En 1865, Susan Louisa et sa mère quittèrent Hope, ville alors en déclin, et s’installèrent chez Jane Shaw à New Westminster. Susan Louisa trouva un emploi à Victoria : Amelia Birnie, sœur de Mary Anne Charles et mariée à John McAdoo Wark, l’engagea comme gouvernante. Avec l’argent d’un modeste héritage, elle passa ensuite une saison à New Westminster. Son frère, qui avait eu vent des difficultés financières de sa mère et de sa sœur, s’embarqua pour la Colombie-Britannique, mais mourut en route en octobre 1866. L’année suivante, Susan Louisa retourna à Hope avec sa mère pour ouvrir une école. Elle noterait qu’elle « n’aimait pas enseigner, mais que cela bonifiait [son] petit revenu ».

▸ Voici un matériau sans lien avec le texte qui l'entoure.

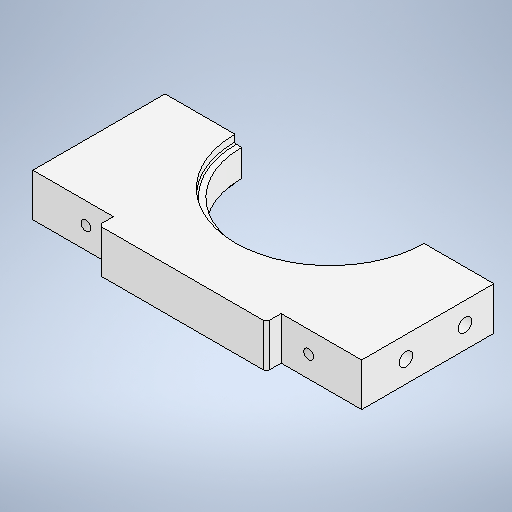
# Autodesk Inventor part: joint3_frame2
Saved by Autodesk Inventor 2025.3 (Build 293356030, 356C)
## iProperties
Created: 2025-11-25
Part Number: joint3_frame2
Material: PLA filament
Document SubType Name: Modeling
Designer: MSI
Density: 1.2 g/cm^3
Appearance: 일반
Mass: 86.6574 g
Surface Area: 168.952 cm^2
Volume: 72.2145 cm^3
Author: MSI
Autodesk Inventor part; units mm, degrees
ref_plane "YZ Plane" through (0, 0, 0) normal (1, 0, 0) x (0, 1, 0)
ref_plane "XZ Plane" through (0, 0, 0) normal (0, 1, 0) x (-1, 0, 0)
ref_plane "XY Plane" through (0, 0, 0) normal (0, 0, 1) x (1, 0, 0)
sketch "스케치1" plane through (0, 0, 0) normal (0, 1, 0) x (-1, 0, 0)
  line L0 (123, 55) -> (-123, 55)
  line L1 (-123, 55) -> (-123, -55)
  line L2 (-123, -55) -> (123, -55)
  line L3 (123, -55) -> (123, 55)
  line L4 (123, 55) -> (-123, -55) construction
  line L5 (-123, 55) -> (123, -55) construction
  point P0 (0, 0)
  dimension "d0" = 110
  dimension "d1" = 246
  constraints: 12 end point, 2 midpoint, 2 parallel, 1 horizontal, 1 perpendicular
  measures "d0" distance of L0.end L1.end
  measures "d1" distance of L0.start L0.end
extrude "돌출1" add sketch "스케치1" along normal mid plane 16
sketch "스케치2" plane through (0, 8, 0) normal (0, 1, 0) x (1, 0, 0)
  point P0 (0, 0)
hole "구멍1" at (0, 8, 0) direction (0, -1, 0) diameter 65.5 end through all counterbore diameter 70.5 counterbore depth 3
mirror "미러1" about plane through (0, 0, 0) normal (0, 1, 0) of "구멍1"
sketch "스케치3" plane through (0, 8, 0) normal (0, 1, 0) x (1, 0, 0)
  line L0 (-123, 55) -> (-123, -55) projected
  line L1 (-123, 40) -> (-112.5, 40)
  line L2 (-112.5, 40) -> (-112.5, -40)
  line L3 (-112.5, -40) -> (-123, -40)
  line L4 (-123, -40) -> (-123, 40)
  line L5 (-123, -55) -> (123, -55) projected
  point P0 (0, 0)
  point P1 (-123, 0)
  dimension "d12" = 10.5
  dimension "d13" = 15
  constraints: 8 end point, 2 midpoint, 2 parallel, 1 horizontal, 1 perpendicular, 1 point on line
  measures "d12" distance of L2.end L3.end
  measures "d13" distance between parallel lines of L5 L3
extrude "돌출2" cut sketch "스케치3" against normal through all
sketch "스케치4" plane through (-112.5, 8, -40) normal (-1, 0, 0) x (0, 0, 1)
  line L0 (10, -8) -> (70, -8) construction
  point P0 (40, -8)
  point P1 (40, -8)
  point P2 (50, -8)
  point P3 (30, -8)
  dimension "d21" = 20
  dimension "d22" = 60
  dimension "d23" = 20
  constraints: 3 coincident, 2 end point, 2 point on line, 1 horizontal, 1 midpoint
  measures "d21" distance of point (30, -8) point (10, -8)
  measures "d22" distance of L0.start L0.end
  measures "d23" distance of L0.end point (50, -8)
hole "구멍2" at (-112.5, 0, -30) at (-112.5, 0, 30) at (-112.5, 0, 10) at (-112.5, 0, -10) direction (1, 0, 0) diameter 3.6881 depth 8 tip angle 118 thread size "M4.5x0.75" class "6H" standard "ISO Metric profile"
sketch "스케치5" plane through (0, 8, 0) normal (0, 1, 0) x (1, 0, 0)
  line L0 (-118, 47.5) -> (-118, -47.5) construction
  line L1 (123, 55) -> (-123, 55) projected
  line L2 (-123, -40) -> (-123, -55) projected
  point P0 (0, 0)
  point P1 (-118, 0)
  dimension "d31" = 7.5
  dimension "d32" = 5
  constraints: 2 coincident, 2 end point, 1 horizontal alignment, 1 midpoint, 1 vertical
  measures "d31" distance from line of L0.start L1
  measures "d32" distance between parallel lines of L0 L2
hole "구멍3" at (-118, 8, -47.5) at (-118, 8, 47.5) direction (0, -1, 0) diameter 4.5 end through all counterbore diameter 8 counterbore depth 4.6 clearance for "Socket Head Cap Screw ISO 4762" size "M4" standard "ISO"
mirror "미러2" about plane through (0, 0, 0) normal (1, 0, 0) of "돌출2", "구멍2", "구멍3"
chamfer "모따기1" distance 1 angle 45 4 edges at (123, 0, -40) (123, 0, 40) (-123, 0, -40) (-123, 0, 40)
fillet "모깎기1" radius 0.5 2 edges at (0, 5, -35.25) (0, -5, -35.25)
fillet "모깎기2" radius 3 4 edges at (-123, 0, 55) (123, 0, 55) (123, 0, -55) (-123, 0, -55)
sketch "스케치6" plane through (-120, 8, 55) normal (0, 0, 1) x (1, 0, 0)
  line L0 (0, 0) -> (240, 0) projected
  line L1 (240, -16) -> (0, -16) projected
  line L2 (28.25, 0) -> (88.75, 0)
  line L3 (88.75, 0) -> (88.75, -16)
  line L4 (88.75, -16) -> (28.25, -16)
  line L5 (28.25, -16) -> (28.25, 0)
  point P0 (120, -8)
  point P1 (58.5, 0)
  point P2 (28.25, -16)
  dimension "d40" = 61.5
  dimension "d41" = 60.5
  constraints: 8 end point, 2 parallel, 2 point on line, 1 horizontal, 1 midpoint, 1 perpendicular
  measures "d40" horizontal distance of point (120, -8) point (58.5, 0)
  measures "d41" distance between parallel lines of L3 L5
extrude "돌출3" cut sketch "스케치6" against normal blind 5.5
sketch "스케치7" plane through (-120, 8, 49.5) normal (0, 0, 1) x (1, 0, 0)
  line L0 (38.5, -8) -> (78.5, -8) construction
  line L1 (28.25, 0) -> (88.75, 0) projected
  line L2 (28.25, -16) -> (28.25, 0) projected
  point P0 (120, -8)
  point P1 (58.5, -8)
  point P2 (58.5, 0)
  point P3 (28.25, -8)
  dimension "d47" = 40
  constraints: 3 midpoint, 2 coincident, 2 end point, 1 horizontal, 1 point on line, 1 vertical alignment
  measures "d47" distance of L0.start L0.end
hole "구멍4" at (-81.5, 0, 49.5) at (-41.5, 0, 49.5) direction (0, 0, -1) diameter 3.6881 depth 13 tip angle 118 thread size "M4.5x0.75" class "6H" standard "ISO Metric profile"
mirror "미러3" about plane through (0, 0, 0) normal (0, 0, 1) of "구멍4", "돌출3"
mirror "미러4" about plane through (0, 0, 0) normal (1, 0, 0) of "구멍4", "돌출3", "미러3"
chamfer "모따기3" distance 1 angle 45 8 edges at (-91.75, 0, 55) (-31.25, 0, 55) (31.25, 0, 55) (91.75, 0, 55) (-91.75, 0, -55) (-31.25, 0, -55) (31.25, 0, -55) (91.75, 0, -55)
sketch "스케치8" plane through (0, 8, 0) normal (0, 1, 0) x (1, 0, 0)
  line L0 (-61.25, -0.25) -> (61.25, -0.25)
  line L1 (61.25, -0.25) -> (61.25, -81.9376)
  line L2 (61.25, -81.9376) -> (-61.25, -81.9376)
  line L3 (-61.25, -81.9376) -> (-61.25, -0.25)
  line L4 (-91.75, -49.5) -> (-31.25, -49.5) projected
  line L5 (-61.5, -49.5) -> (-61.5, 49.5) construction
  line L6 (-91.75, 49.5) -> (-31.25, 49.5) projected
  line L7 (31.25, -49.5) -> (91.75, -49.5) projected
  line L8 (61.5, -49.5) -> (61.5, 49.5)
  line L9 (91.75, 49.5) -> (31.25, 49.5) projected
  point P0 (0, 0)
  dimension "d71" = 0.5
  dimension "d72" = 0.5
  dimension "d73" = 0.25
  constraints: 12 end point, 4 midpoint, 2 parallel, 1 horizontal, 1 perpendicular
  measures "d71" diameter of L3 L5
  measures "d72" diameter of L1 L8
  measures "d73" distance from line of point (0, 0) L0
extrude "돌출4" cut sketch "스케치8" against normal through all keep common part
sketch "스케치9" plane through (-61.25, 8, 49.5) normal (-1, 0, 0) x (0, 0, 1)
  line L0 (-82.5, -8) -> (-16.5, -8) construction
  point P0 (-49.5, -8)
  point P1 (-49.5, -8)
  point P2 (-60.5, -8)
  point P3 (-38.5, -8)
  dimension "d61" = 22
  dimension "d62" = 66
  dimension "d63" = 22
  constraints: 3 coincident, 2 end point, 2 point on line, 1 horizontal, 1 midpoint
  measures "d61" distance of point (-60.5, -8) L0.start
  measures "d62" distance of L0.start L0.end
  measures "d63" distance of L0.end point (-38.5, -8)
hole "구멍5" at (-61.25, 0, -33) at (-61.25, 0, -11) at (-61.25, 0, 11) at (-61.25, 0, 33) direction (1, 0, 0) diameter 5 depth 10 tip angle 118
mirror "미러5" about plane through (0, 0, 0) normal (1, 0, 0) of "구멍5"
sketch "스케치10" plane through (61.25, 8, 0.25) normal (0, 0, -1) x (-1, 0, 0)
  line L0 (20, -8) -> (102.5, -8) construction
  line L1 (0, 0) -> (0, -16) projected
  point P0 (61.25, -8)
  point P1 (61.25, -8)
  dimension "d74" = 20
  constraints: 3 coincident, 2 end point, 1 horizontal, 1 midpoint
  measures "d74" distance from line of L0.start L1
hole "구멍6" at (41.25, 0, 0.25) at (-41.25, 0, 0.25) direction (0, 0, 1) diameter 5 depth 10 tip angle 118
equation "\"d22\" = 3 * d21"
equation "\"d23\" = d21"
equation "\"d72\" = d71"
equation "\"d62\" = 3 * d61"
equation "\"d63\" = d61"

Susan Louisa ne tarda pas à fréquenter John Fall Allison. De 20 ans son aîné, cet éleveur né en Angleterre avait vécu dans l’est des États-Unis avant de s’aventurer dans les champs aurifères de la Californie, puis en Colombie-Britannique. Il fit de la prospection et de l’arpentage, tout en démarrant un ranch dans la vallée Similkameen. Il passait par Hope en conduisant son bétail vers les marchés à l’ouest. En se mariant avec lui en 1868, Susan Louisa se vit confrontée à d’autres aspects de l’existence de pionnier et initiée au charme romantique de ce qu’elle appellerait « la vie sauvage, libre ». Il y avait peu de colons dans la partie sud de l’intérieur de la colonie et aucun près de leur ranch. Quand John Fall s’absentait pour la transhumance, Susan Louisa s’occupait de la gestion du ranch, ainsi que du poste de traite et du bureau de poste qu’il avait établis dans leur maison. Elle apprit le pidgin chinook [V. Jean-Marie-Raphaël Le Jeune*], et se lia d’amitié avec des employés et des voisins similkameens. Entre juillet 1869 et août 1892, elle donna naissance à 14 enfants. Des femmes autochtones l’aidèrent à les mettre au monde et à les élever, mais elle scolarisa elle-même la plupart d’entre eux.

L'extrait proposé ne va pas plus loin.